Dataset records:
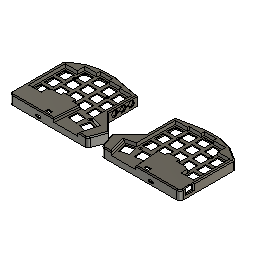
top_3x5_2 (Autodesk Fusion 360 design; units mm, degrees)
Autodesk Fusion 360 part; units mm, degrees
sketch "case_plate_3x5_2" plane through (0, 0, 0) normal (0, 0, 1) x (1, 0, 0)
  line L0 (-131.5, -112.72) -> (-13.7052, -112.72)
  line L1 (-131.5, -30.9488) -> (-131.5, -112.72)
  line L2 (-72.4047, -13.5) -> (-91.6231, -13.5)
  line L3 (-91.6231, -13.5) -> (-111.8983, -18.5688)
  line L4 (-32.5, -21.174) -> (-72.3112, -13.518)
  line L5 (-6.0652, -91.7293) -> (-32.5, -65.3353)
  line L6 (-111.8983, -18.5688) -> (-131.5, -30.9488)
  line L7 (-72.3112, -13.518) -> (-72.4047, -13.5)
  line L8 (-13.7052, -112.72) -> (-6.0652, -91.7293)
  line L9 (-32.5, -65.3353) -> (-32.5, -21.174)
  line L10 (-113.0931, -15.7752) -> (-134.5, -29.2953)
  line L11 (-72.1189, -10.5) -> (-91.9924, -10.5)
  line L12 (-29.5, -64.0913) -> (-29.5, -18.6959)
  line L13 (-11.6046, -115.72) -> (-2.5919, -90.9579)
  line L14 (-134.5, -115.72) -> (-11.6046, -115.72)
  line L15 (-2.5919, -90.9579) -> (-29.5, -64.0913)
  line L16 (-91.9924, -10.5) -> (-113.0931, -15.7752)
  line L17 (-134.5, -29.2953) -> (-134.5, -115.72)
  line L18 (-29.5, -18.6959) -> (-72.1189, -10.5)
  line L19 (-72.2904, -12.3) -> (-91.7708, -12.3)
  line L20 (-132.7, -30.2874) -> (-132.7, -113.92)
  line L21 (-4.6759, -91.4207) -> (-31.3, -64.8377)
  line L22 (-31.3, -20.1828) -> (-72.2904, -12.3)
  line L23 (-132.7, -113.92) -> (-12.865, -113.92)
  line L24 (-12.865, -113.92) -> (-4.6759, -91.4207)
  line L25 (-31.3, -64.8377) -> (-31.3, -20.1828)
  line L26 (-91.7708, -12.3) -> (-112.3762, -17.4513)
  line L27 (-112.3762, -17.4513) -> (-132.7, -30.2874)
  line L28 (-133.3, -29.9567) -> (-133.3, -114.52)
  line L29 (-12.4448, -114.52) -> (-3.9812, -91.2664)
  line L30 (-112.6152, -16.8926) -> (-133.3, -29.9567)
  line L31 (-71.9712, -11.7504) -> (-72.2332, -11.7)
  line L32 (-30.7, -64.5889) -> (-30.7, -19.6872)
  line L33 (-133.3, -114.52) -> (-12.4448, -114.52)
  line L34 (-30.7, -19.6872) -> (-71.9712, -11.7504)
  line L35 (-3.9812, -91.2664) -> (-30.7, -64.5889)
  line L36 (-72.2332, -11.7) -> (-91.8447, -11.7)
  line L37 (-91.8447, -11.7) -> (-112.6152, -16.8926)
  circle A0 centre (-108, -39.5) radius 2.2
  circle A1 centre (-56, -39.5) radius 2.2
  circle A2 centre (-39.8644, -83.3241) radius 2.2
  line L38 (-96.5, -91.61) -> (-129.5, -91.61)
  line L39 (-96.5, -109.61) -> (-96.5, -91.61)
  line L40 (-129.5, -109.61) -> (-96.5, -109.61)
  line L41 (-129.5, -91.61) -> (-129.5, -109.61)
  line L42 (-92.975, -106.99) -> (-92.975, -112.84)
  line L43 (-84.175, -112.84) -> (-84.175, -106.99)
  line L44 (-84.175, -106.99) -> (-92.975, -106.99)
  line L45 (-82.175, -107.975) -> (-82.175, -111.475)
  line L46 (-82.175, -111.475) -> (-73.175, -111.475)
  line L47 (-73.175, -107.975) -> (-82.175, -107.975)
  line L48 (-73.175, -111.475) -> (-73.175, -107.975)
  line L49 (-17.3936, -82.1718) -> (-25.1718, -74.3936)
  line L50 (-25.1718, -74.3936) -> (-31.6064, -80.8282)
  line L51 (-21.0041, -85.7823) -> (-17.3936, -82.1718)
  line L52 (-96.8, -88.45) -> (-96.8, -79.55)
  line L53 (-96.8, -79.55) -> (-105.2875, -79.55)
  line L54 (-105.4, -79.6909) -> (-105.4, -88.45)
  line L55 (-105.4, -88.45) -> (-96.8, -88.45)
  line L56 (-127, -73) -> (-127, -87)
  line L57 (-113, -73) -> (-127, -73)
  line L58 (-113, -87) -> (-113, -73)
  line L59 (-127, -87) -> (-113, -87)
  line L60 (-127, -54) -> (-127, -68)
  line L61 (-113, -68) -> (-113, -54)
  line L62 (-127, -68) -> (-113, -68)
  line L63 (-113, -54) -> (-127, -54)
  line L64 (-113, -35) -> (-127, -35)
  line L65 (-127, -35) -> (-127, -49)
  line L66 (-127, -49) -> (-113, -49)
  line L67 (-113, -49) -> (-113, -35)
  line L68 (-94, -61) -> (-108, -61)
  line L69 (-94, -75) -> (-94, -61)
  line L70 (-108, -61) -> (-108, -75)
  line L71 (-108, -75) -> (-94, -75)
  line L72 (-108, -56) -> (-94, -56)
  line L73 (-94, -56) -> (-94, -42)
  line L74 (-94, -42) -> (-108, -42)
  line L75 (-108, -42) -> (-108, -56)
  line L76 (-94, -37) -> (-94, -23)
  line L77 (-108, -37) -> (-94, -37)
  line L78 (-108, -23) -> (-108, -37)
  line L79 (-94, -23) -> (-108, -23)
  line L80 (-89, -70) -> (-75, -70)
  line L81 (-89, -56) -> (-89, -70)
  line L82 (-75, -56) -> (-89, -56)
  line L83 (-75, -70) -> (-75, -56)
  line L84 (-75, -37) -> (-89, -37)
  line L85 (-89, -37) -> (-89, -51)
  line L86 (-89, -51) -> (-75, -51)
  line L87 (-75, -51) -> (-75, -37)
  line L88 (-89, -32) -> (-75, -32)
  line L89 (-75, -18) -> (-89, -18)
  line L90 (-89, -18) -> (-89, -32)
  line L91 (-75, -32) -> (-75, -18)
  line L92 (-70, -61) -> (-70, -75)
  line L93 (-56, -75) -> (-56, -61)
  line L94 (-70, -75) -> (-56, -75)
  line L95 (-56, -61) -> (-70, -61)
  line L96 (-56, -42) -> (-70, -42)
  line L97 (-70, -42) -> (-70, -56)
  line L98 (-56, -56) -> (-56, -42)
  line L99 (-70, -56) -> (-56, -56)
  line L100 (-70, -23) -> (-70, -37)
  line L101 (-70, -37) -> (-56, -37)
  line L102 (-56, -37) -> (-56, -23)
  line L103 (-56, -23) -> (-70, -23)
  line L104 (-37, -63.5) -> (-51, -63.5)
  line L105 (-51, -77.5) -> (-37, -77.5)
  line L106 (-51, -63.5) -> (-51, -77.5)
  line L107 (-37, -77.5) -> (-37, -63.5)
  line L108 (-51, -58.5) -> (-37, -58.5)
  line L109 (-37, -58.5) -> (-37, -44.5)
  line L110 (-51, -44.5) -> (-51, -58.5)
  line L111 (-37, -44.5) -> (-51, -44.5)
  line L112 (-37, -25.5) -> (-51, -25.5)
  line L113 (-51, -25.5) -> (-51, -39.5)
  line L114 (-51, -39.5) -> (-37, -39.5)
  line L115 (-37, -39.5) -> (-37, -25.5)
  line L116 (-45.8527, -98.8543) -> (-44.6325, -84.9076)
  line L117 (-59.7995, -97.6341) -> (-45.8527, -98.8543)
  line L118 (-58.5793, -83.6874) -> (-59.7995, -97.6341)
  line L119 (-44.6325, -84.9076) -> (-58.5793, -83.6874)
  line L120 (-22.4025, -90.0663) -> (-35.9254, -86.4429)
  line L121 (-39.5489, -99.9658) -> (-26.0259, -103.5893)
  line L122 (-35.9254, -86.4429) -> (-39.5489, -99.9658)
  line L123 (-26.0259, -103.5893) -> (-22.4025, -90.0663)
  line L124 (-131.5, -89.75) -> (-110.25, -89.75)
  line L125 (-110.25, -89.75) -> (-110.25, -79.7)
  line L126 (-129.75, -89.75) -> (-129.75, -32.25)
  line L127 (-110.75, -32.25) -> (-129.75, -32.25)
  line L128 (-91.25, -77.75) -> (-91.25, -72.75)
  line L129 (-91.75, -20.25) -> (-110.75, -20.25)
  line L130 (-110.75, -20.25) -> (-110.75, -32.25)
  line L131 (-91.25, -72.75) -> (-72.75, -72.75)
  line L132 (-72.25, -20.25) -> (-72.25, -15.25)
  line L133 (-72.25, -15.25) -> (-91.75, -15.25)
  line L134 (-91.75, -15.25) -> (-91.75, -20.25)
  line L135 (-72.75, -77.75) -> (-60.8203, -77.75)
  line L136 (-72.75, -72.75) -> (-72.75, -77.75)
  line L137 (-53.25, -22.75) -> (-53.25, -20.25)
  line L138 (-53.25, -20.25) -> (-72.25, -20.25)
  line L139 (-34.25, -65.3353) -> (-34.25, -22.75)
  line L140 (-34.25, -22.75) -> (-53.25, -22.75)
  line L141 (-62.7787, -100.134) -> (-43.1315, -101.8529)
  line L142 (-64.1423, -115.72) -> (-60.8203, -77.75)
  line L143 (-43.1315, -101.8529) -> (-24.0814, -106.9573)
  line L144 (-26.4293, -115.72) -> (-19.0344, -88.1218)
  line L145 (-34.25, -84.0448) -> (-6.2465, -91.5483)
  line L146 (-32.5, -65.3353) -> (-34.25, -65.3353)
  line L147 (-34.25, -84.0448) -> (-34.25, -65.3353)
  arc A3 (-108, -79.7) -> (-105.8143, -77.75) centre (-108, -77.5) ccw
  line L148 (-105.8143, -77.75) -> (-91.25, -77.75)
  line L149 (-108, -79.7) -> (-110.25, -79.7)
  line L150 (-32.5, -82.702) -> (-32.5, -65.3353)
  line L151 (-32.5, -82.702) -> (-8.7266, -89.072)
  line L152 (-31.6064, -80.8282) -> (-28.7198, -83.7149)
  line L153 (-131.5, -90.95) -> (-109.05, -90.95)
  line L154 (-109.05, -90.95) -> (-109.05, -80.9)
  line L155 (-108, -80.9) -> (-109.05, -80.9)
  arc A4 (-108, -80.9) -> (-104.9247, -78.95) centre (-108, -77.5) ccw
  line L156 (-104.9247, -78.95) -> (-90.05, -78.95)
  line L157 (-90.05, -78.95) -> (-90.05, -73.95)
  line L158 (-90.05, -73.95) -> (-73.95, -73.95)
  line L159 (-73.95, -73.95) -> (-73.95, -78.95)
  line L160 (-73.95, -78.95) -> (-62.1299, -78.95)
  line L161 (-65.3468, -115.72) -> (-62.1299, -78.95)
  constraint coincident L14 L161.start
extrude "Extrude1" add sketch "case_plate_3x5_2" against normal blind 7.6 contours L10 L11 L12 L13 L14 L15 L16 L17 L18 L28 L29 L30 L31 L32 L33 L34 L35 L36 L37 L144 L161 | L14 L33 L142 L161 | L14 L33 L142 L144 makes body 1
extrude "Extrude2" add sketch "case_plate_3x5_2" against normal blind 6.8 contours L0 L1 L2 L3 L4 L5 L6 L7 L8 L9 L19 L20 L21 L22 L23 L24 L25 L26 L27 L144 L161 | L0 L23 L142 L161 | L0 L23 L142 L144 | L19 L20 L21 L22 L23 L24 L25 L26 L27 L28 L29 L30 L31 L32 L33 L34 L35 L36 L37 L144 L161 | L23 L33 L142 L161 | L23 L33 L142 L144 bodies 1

Work instruction: Give only the lines from the one holding "line L56 (-127, -73) -> (-127, -87)" through the one holding "line L63 (-113, -54) -> (-127, -54)", each restated exactly as it appears above.

Answer space:
  line L56 (-127, -73) -> (-127, -87)
  line L57 (-113, -73) -> (-127, -73)
  line L58 (-113, -87) -> (-113, -73)
  line L59 (-127, -87) -> (-113, -87)
  line L60 (-127, -54) -> (-127, -68)
  line L61 (-113, -68) -> (-113, -54)
  line L62 (-127, -68) -> (-113, -68)
  line L63 (-113, -54) -> (-127, -54)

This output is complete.